High-Yield Fixed Income Investments in India: Options Beyond the FD (2026)

01 June 2026 · Sachin Gadekar


A practical, 2026-specific guide to high-yield fixed income investments in India beyond the bank FD -covering 8 instruments ranked by yield and risk, with current rate data, post-tax return calculations, and Ultra's specific verdict on which deserve a place in your portfolio.

Introduction

India's bank FD market holds tens of lakhs of crores in investor capital. Most of it sits there because investors either do not know what else exists, assume everything else is riskier, or find the alternatives too complex to evaluate.

This article addresses all three concerns directly.

There are eight fixed income instruments in India in 2026 that yield more than a bank FD some significantly more with risk profiles that range from barely above FD-equivalent to meaningfully higher. Understanding what each is, what it yields, and what the trade-off is allows you to make a deliberate choice rather than a default one.

The benchmark throughout: State Bank of India 1-year FD at 6.8% gross, delivering 4.68% post-tax at 30% bracket. Every instrument in this article should be compared against this number not against its own marketing headline.

Why FD Rates Are No Longer Enough

The RBI cut the repo rate by 125 basis points in 2025, bringing it to 5.25%. Bank FD rates followed. A 1-year SBI FD today pays 6.8% gross -and after 30% income tax, that is 4.68% net.

India's CPI inflation is running at approximately 4.5%. At 30% tax bracket, your FD is delivering a real post-tax return of +0.18% -barely above zero in purchasing power terms.

At the 35.88% effective rate (₹1–2 crore income bracket), the same FD delivers 4.36% post-tax -below inflation.
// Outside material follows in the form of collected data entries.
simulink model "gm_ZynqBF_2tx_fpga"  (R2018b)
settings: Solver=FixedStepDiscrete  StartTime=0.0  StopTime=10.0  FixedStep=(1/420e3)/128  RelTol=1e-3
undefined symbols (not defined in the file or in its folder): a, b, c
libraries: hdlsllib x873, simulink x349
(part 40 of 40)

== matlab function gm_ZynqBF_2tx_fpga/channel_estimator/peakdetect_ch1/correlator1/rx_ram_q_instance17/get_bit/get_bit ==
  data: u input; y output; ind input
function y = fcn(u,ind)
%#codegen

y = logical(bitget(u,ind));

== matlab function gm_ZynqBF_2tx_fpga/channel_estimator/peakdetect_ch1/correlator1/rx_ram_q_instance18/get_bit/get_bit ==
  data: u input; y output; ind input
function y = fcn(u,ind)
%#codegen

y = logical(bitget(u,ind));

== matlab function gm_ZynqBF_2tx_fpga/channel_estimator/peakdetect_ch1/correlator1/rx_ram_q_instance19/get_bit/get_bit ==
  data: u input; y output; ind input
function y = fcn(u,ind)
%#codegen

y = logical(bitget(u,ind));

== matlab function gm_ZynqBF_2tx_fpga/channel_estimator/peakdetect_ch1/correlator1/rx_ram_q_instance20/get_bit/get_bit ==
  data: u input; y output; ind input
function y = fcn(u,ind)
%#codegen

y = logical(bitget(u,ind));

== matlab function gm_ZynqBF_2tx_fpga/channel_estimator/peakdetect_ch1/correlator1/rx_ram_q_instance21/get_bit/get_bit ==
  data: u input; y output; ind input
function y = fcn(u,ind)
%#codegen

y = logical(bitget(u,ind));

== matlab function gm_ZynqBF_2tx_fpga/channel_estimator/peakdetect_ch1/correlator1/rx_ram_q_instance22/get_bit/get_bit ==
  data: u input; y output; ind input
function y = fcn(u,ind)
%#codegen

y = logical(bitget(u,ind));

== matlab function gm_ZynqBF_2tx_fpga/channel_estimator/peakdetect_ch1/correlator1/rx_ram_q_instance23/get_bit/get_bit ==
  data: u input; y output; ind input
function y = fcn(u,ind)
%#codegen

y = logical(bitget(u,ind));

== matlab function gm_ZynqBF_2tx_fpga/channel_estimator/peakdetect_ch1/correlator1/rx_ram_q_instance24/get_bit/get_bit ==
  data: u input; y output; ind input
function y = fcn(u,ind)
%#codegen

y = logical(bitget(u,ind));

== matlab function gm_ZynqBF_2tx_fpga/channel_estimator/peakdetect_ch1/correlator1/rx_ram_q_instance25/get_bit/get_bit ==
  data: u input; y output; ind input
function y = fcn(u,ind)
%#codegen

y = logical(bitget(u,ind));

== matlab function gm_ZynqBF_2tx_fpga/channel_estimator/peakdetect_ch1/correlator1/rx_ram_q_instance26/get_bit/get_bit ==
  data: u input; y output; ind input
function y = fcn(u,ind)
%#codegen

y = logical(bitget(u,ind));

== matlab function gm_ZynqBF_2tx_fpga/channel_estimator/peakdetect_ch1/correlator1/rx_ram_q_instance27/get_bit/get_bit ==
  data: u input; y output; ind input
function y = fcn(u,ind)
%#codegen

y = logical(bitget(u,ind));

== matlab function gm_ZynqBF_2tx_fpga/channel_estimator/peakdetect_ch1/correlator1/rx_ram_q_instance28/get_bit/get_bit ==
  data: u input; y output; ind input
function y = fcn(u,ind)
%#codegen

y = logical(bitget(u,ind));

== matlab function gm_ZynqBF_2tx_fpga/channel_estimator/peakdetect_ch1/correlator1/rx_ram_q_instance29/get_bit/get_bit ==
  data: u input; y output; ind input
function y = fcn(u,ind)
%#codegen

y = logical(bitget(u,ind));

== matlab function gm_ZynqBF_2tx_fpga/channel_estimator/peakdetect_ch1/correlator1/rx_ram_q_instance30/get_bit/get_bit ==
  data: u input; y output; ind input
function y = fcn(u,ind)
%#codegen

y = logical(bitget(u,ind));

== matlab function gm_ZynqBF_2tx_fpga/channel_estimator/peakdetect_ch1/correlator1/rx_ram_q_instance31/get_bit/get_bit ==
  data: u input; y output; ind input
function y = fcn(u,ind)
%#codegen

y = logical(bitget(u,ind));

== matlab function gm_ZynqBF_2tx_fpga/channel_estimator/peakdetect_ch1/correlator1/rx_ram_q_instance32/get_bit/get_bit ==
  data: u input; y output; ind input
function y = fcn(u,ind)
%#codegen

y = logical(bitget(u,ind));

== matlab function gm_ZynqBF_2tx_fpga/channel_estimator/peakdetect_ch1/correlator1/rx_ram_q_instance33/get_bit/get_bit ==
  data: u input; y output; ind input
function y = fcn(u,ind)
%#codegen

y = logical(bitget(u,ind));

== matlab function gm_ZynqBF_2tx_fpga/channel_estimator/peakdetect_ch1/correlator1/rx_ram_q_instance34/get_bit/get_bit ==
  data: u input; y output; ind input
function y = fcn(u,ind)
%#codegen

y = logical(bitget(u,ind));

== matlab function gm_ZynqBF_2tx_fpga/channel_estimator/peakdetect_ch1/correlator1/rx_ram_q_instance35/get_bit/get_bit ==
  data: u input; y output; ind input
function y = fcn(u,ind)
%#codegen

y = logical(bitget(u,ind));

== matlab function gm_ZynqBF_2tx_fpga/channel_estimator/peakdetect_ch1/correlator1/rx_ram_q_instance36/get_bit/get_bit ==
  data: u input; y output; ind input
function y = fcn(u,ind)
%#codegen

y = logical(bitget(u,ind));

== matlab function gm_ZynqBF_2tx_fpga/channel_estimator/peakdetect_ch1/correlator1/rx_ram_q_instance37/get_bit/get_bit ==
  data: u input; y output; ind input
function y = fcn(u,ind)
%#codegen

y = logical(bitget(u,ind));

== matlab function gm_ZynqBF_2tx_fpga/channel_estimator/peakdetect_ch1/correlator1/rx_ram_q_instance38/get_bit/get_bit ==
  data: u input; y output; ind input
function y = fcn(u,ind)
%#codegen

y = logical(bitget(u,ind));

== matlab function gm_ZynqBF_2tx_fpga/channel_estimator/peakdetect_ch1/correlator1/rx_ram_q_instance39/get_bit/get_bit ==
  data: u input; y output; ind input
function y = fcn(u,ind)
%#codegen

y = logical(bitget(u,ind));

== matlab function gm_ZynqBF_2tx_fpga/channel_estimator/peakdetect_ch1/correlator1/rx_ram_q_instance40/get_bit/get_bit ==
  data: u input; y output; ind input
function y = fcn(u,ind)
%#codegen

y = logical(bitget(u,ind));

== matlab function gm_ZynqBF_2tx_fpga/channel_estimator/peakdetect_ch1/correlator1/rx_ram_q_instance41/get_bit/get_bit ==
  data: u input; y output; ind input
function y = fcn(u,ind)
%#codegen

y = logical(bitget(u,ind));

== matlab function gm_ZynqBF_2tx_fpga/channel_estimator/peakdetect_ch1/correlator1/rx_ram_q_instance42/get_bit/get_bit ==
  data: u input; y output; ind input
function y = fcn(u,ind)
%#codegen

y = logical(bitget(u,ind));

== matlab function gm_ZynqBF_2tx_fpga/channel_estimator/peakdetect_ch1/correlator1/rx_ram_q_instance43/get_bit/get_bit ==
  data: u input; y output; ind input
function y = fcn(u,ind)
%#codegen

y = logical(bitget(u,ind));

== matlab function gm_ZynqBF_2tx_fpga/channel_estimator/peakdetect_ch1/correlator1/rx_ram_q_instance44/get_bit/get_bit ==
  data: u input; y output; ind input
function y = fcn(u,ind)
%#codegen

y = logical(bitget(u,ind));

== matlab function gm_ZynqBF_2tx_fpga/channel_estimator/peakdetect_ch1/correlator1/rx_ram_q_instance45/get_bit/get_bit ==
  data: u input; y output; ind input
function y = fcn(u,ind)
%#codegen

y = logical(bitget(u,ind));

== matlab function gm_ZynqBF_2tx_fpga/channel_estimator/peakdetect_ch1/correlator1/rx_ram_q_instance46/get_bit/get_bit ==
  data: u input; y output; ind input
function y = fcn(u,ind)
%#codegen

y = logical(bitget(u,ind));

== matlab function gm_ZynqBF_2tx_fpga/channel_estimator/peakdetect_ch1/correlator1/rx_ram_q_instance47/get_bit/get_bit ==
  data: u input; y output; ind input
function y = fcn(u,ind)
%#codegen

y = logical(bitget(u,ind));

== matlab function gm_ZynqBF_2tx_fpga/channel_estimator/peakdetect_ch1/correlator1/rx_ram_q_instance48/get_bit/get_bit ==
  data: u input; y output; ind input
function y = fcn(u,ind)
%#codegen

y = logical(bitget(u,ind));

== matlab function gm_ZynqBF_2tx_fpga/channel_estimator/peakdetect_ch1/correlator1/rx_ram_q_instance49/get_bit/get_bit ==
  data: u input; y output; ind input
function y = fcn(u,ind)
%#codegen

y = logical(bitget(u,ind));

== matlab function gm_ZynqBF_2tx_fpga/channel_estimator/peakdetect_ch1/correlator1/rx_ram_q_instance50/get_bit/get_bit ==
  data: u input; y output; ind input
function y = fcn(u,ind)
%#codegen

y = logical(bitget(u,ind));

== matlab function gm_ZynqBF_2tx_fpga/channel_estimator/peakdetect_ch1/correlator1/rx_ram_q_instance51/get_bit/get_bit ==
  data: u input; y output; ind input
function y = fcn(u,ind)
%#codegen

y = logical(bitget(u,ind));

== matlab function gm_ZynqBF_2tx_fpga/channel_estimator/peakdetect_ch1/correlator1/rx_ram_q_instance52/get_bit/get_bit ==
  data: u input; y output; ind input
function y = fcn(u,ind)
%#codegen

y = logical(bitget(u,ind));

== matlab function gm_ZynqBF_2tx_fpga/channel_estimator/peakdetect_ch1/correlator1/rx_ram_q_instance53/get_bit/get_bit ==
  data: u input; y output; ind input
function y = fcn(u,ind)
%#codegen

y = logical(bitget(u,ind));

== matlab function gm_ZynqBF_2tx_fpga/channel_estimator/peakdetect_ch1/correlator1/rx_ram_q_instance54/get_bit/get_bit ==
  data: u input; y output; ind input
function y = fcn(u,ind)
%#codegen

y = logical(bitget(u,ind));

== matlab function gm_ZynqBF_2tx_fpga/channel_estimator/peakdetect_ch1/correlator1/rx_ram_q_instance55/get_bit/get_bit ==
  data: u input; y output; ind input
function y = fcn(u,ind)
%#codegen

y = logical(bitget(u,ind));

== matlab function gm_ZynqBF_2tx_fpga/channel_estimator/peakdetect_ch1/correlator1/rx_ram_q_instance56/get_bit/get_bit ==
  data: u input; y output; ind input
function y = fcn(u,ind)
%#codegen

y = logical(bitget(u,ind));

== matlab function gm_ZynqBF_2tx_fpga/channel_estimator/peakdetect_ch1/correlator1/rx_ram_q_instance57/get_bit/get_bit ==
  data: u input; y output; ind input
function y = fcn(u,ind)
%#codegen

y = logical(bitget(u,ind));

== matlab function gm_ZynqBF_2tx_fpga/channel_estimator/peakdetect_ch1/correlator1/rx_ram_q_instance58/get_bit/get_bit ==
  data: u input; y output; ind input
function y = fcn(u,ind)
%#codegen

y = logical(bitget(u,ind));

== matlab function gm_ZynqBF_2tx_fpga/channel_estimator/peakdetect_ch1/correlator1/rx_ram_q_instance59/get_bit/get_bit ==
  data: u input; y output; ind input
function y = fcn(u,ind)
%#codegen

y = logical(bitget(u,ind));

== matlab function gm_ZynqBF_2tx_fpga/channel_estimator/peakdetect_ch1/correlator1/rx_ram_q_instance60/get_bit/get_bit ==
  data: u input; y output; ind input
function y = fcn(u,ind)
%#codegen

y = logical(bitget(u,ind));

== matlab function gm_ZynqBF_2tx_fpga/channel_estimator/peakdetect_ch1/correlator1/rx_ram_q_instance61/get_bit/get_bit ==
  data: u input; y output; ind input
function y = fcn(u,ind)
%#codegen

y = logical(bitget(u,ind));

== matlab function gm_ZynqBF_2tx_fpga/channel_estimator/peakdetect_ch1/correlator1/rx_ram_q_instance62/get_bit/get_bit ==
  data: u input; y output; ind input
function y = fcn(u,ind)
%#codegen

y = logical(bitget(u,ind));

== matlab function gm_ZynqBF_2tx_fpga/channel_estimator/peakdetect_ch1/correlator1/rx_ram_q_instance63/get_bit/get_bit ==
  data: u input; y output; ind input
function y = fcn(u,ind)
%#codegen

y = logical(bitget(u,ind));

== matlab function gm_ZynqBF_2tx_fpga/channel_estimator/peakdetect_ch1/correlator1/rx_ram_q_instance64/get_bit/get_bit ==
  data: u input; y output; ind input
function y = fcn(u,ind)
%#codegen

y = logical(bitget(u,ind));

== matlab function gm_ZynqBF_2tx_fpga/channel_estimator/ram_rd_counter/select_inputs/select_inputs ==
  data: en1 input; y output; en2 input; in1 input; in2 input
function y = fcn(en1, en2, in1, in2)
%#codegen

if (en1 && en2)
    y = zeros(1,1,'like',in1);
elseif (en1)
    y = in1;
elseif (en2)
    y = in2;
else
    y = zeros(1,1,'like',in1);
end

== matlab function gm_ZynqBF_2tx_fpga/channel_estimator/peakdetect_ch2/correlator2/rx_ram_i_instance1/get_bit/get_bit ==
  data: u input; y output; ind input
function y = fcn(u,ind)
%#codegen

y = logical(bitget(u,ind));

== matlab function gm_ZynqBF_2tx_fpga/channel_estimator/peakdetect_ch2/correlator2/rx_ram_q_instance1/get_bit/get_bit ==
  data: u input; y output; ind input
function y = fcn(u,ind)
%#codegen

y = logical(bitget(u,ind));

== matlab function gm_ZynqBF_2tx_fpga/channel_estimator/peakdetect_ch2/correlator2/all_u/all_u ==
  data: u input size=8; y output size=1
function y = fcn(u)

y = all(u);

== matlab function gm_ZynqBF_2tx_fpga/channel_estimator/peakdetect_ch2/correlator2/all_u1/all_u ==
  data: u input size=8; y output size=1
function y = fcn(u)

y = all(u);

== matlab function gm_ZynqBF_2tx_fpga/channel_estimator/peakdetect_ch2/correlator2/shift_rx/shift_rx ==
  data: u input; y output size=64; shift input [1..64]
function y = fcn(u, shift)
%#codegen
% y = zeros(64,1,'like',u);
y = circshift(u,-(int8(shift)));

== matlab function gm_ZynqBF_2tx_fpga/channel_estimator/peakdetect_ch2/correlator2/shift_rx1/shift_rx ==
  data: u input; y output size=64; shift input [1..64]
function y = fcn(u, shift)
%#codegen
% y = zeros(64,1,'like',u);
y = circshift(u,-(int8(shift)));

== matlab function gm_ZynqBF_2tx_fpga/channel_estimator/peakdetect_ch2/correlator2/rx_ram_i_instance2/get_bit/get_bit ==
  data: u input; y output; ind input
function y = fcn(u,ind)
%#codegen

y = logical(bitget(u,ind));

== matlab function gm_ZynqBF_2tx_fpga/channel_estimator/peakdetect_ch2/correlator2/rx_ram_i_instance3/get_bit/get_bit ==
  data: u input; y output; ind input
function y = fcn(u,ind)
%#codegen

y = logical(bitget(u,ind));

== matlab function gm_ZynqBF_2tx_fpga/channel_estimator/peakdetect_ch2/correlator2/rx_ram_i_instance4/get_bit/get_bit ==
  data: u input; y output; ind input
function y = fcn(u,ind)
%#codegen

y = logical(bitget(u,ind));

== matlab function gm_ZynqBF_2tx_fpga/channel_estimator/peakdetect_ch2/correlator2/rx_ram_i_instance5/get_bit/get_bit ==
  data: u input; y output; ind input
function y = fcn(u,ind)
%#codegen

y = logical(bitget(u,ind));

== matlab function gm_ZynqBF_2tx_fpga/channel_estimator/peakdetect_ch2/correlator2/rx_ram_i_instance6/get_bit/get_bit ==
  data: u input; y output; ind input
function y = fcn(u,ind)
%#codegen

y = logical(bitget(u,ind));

Your money is nominally safe but slowly losing purchasing power.

This is not a new problem. But in 2026, it is acutely relevant because:

  1. FD rates have fallen to near-cycle lows after RBI's easing cycle

  2. Multiple high-yield fixed income instruments are now accessible at ₹10,000–₹25,000 minimums through digital platforms

  3. The information gap has closed -instruments that required institutional access or ₹1 crore minimums five years ago are now available to individual investors

The question is no longer whether to look beyond FDs. It is which instruments to use, in what combination, and at what risk level.

1. Invoice Discounting

The 8 High-Yield Fixed Income Options Beyond the FD

Gross yield: 10%–15% | Post-tax (30%): 7%–10.5% | Tenure: 30–90 days | Min: ₹25,000

Invoice discounting is the highest-yield, most accessible fixed income instrument available to individual investors in India in 2026. You advance capital against verified invoices from MSMEs backed by large corporate and PSU buyers. When the buyer pays on the due date, you receive your principal plus the yield.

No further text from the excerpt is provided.